Parece que a ninguém incomoda quando a violação de direitos fundamentais alcança o pobre. Mas quando alcança o presidente do Supremo Tribunal Federal e um senador, daí é caso de pôr o Estado de direito sob ameaça.
O suspeito pobre segue algemado, chutado, levando pescoções e sofrendo outros tipos de humilhação na verdadeira via-sacra que é o caminho percorrido entre a o lugar em que é algemado e aquele em que é depositado.
Não é necessário ler nenhum parágrafo de Karl Marx para saber que também nas prisões e nos cemitérios continua a luta de classes. Os ricos são presos e enterrados de um modo; os pobres de outro.
João Cabral de Melo Neto mostrou a divisão no diálogo de dois coveiros em Morte e Vida Severina. Para os ricos: ‘As avenidas do centro são melhores,/ mas são para os protegidos’. Para os pobres: ‘Na verdade, seria mais rápido/ e também mais barato/ que os sacudissem de qualquer ponte/ dentro do rio e da morte’.
Gorjeta gorda
No caso das prisões, para os delinqüentes ricos há sempre um jeito de burlar a lei.

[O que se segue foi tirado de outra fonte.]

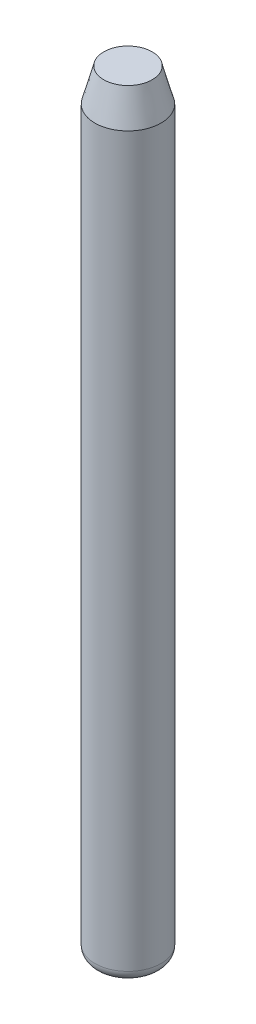
ISO-10303-21;
HEADER;
FILE_DESCRIPTION(('STEP AP214'),'2;1');
FILE_NAME('part.step','',(''),(''),'','','');
FILE_SCHEMA(('AUTOMOTIVE_DESIGN { 1 0 10303 214 1 1 1 1 }'));
ENDSEC;
DATA;
#1=APPLICATION_CONTEXT('core data for automotive mechanical design processes');
#2=APPLICATION_PROTOCOL_DEFINITION('international standard','automotive_design',2000,#1);
#3=PRODUCT_CONTEXT('',#1,'mechanical');
#4=PRODUCT('Part','Part','',(#3));
#5=PRODUCT_RELATED_PRODUCT_CATEGORY('part','',(#4));
#6=PRODUCT_DEFINITION_FORMATION('','',#4);
#7=PRODUCT_DEFINITION_CONTEXT('part definition',#1,'design');
#8=PRODUCT_DEFINITION('design','',#6,#7);
#9=PRODUCT_DEFINITION_SHAPE('','',#8);
#10=(LENGTH_UNIT() NAMED_UNIT(*) SI_UNIT(.MILLI.,.METRE.));
#11=(NAMED_UNIT(*) PLANE_ANGLE_UNIT() SI_UNIT($,.RADIAN.));
#12=(NAMED_UNIT(*) SI_UNIT($,.STERADIAN.) SOLID_ANGLE_UNIT());
#13=UNCERTAINTY_MEASURE_WITH_UNIT(LENGTH_MEASURE(1.E-05),#10,'distance_accuracy_value','');
#14=(GEOMETRIC_REPRESENTATION_CONTEXT(3) GLOBAL_UNCERTAINTY_ASSIGNED_CONTEXT((#13)) GLOBAL_UNIT_ASSIGNED_CONTEXT((#10,
#11,#12)) REPRESENTATION_CONTEXT('',''));
#15=CARTESIAN_POINT('',(0.,0.,0.));
#16=DIRECTION('',(0.,0.,1.));
#17=DIRECTION('',(1.,0.,0.));
#18=AXIS2_PLACEMENT_3D('',#15,#16,#17);
#19=CARTESIAN_POINT('',(0.,35.,0.));
#20=DIRECTION('',(0.,-1.,0.));
#21=DIRECTION('',(0.,0.,-1.));
#22=AXIS2_PLACEMENT_3D('',#19,#20,#21);
#23=CYLINDRICAL_SURFACE('',#22,1.5);
#24=CARTESIAN_POINT('',(0.,0.5,0.));
#25=DIRECTION('',(0.,1.,0.));
#26=DIRECTION('',(0.,0.,1.));
#27=AXIS2_PLACEMENT_3D('',#24,#25,#26);
#28=CIRCLE('',#27,1.5);
#29=CARTESIAN_POINT('',(0.,0.5,1.5));
#30=VERTEX_POINT('',#29);
#31=EDGE_CURVE('E38',#30,#30,#28,.T.);
#32=ORIENTED_EDGE('',*,*,#31,.T.);
#33=EDGE_LOOP('',(#32));
#34=FACE_BOUND('',#33,.T.);
#35=CARTESIAN_POINT('',(0.,33.5,0.));
#36=DIRECTION('',(0.,1.,0.));
#37=DIRECTION('',(0.,0.,1.));
#38=AXIS2_PLACEMENT_3D('',#35,#36,#37);
#39=CIRCLE('',#38,1.5);
#40=CARTESIAN_POINT('',(0.,33.5,1.5));
#41=VERTEX_POINT('',#40);
#42=EDGE_CURVE('E42',#41,#41,#39,.F.);
#43=ORIENTED_EDGE('',*,*,#42,.T.);
#44=EDGE_LOOP('',(#43));
#45=FACE_BOUND('',#44,.T.);
#46=ADVANCED_FACE('F31',(#34,#45),#23,.T.);
#47=CARTESIAN_POINT('',(0.,35.,0.));
#48=DIRECTION('',(0.,1.,0.));
#49=DIRECTION('',(0.,0.,1.));
#50=AXIS2_PLACEMENT_3D('',#47,#48,#49);
#51=PLANE('',#50);
#52=CARTESIAN_POINT('',(0.,35.,0.));
#53=DIRECTION('',(0.,1.,0.));
#54=DIRECTION('',(0.,0.,1.));
#55=AXIS2_PLACEMENT_3D('',#52,#53,#54);
#56=CIRCLE('',#55,1.09807621135332);
#57=CARTESIAN_POINT('',(0.,35.,1.09807621135332));
#58=VERTEX_POINT('',#57);
#59=EDGE_CURVE('E46',#58,#58,#56,.T.);
#60=ORIENTED_EDGE('',*,*,#59,.T.);
#61=EDGE_LOOP('',(#60));
#62=FACE_BOUND('',#61,.T.);
#63=ADVANCED_FACE('F52',(#62),#51,.T.);
#64=CARTESIAN_POINT('',(0.,0.,0.));
#65=DIRECTION('',(0.,1.,0.));
#66=DIRECTION('',(0.,0.,1.));
#67=AXIS2_PLACEMENT_3D('',#64,#65,#66);
#68=PLANE('',#67);
#69=CARTESIAN_POINT('',(0.,0.,0.));
#70=DIRECTION('',(0.,1.,0.));
#71=DIRECTION('',(0.,0.,1.));
#72=AXIS2_PLACEMENT_3D('',#69,#70,#71);
#73=CIRCLE('',#72,1.);
#74=CARTESIAN_POINT('',(0.,0.,1.));
#75=VERTEX_POINT('',#74);
#76=EDGE_CURVE('E10',#75,#75,#73,.F.);
#77=ORIENTED_EDGE('',*,*,#76,.T.);
#78=EDGE_LOOP('',(#77));
#79=FACE_BOUND('',#78,.T.);
#80=ADVANCED_FACE('F56',(#79),#68,.F.);
#81=CARTESIAN_POINT('',(0.,35.,0.));
#82=DIRECTION('',(0.,-1.,0.));
#83=DIRECTION('',(0.,0.,-1.));
#84=AXIS2_PLACEMENT_3D('',#81,#82,#83);
#85=CONICAL_SURFACE('',#84,1.09807621135332,0.261799387799147);
#86=ORIENTED_EDGE('',*,*,#42,.F.);
#87=EDGE_LOOP('',(#86));
#88=FACE_BOUND('',#87,.T.);
#89=ORIENTED_EDGE('',*,*,#59,.F.);
#90=EDGE_LOOP('',(#89));
#91=FACE_BOUND('',#90,.T.);
#92=ADVANCED_FACE('F54',(#88,#91),#85,.T.);
#93=CARTESIAN_POINT('',(0.,0.5,0.));
#94=DIRECTION('',(0.,1.,0.));
#95=DIRECTION('',(0.,0.,1.));
#96=AXIS2_PLACEMENT_3D('',#93,#94,#95);
#97=TOROIDAL_SURFACE('',#96,1.,0.5);
#98=ORIENTED_EDGE('',*,*,#76,.F.);
#99=EDGE_LOOP('',(#98));
#100=FACE_BOUND('',#99,.T.);
#101=ORIENTED_EDGE('',*,*,#31,.F.);
#102=EDGE_LOOP('',(#101));
#103=FACE_BOUND('',#102,.T.);
#104=ADVANCED_FACE('F33',(#100,#103),#97,.T.);
#105=CLOSED_SHELL('',(#46,#63,#80,#92,#104));
#106=MANIFOLD_SOLID_BREP('B2',#105);
#107=ADVANCED_BREP_SHAPE_REPRESENTATION('',(#18,#106),#14);
#108=SHAPE_DEFINITION_REPRESENTATION(#9,#107);
ENDSEC;
END-ISO-10303-21;

Já para o cerca de 150 mil pessoas que aguardam há anos julgamento nos cárceres, não há jeito de cumpri-la. Tiveram decretada prisão preventiva ou temporária, mas nunca mais saíram de lá.
Na edição de segunda-feira (1/9) da Folha de S.Paulo (pág. 2), o jornalista Ruy Castro, no artigo ‘Algo de podre’, fala das mudanças havidas em Bangu 8, presídio de segurança máxima, no Rio, depois que para lá se mudaram, entre outras figuras sociais de destaque, o ex-banqueiro Salvatore Cacciola e o ex-deputado e ex-delegado Álvaro Lins.
A comida sai de restaurantes vips da Barra da Tijuca e as visitas chegam em carros blindados. E anotou outra curiosidade: o requinte dos pratos não está restrito aos dias de visita, às segundas e sextas-feiras. Ao contrário, o serviço de inteligência de Bangu 8 suspeita que, não apenas os nomeados, mas ‘outros presos cinco estrelas também estejam pedindo haddock e salmão todos os dias àqueles restaurantes, excedendo os R$ 100 semanais que têm direito de gastar na prisão’.
‘Ora’, continua Ruy Castro, ‘R$ 100 era o que eles davam de gorjeta ao manobrista quando entravam nos restaurantes pela porta da frente.’
Infelizmente, não podemos dizer como disse Euclides da Cunha, em crônica publicada em O Estado de S.Paulo, em 13 de abril de 1892:
‘A situação é esta: de um lado, um grupo de indivíduos que intenta a subversão da ordem, e, de outro, um governo que se faz respeitar’.
Letra da lei
Ninguém menos do que o ministro da Defesa, Nelson Jobim, foi flagrado consultando sua agenda eletrônica. Na foto, publicada em O Globo, aparecia nitidamente um compromisso com o ex-deputado cassado José Dirceu, ali designado ainda como ‘ministro José Dirceu’. Ao lado do nome, constava o local, ‘residência’, sem especificar na de qual dos dois. E na agenda oficial do ministro da Defesa não constava o encontro. Há dois países, duas agendas, outros ministros?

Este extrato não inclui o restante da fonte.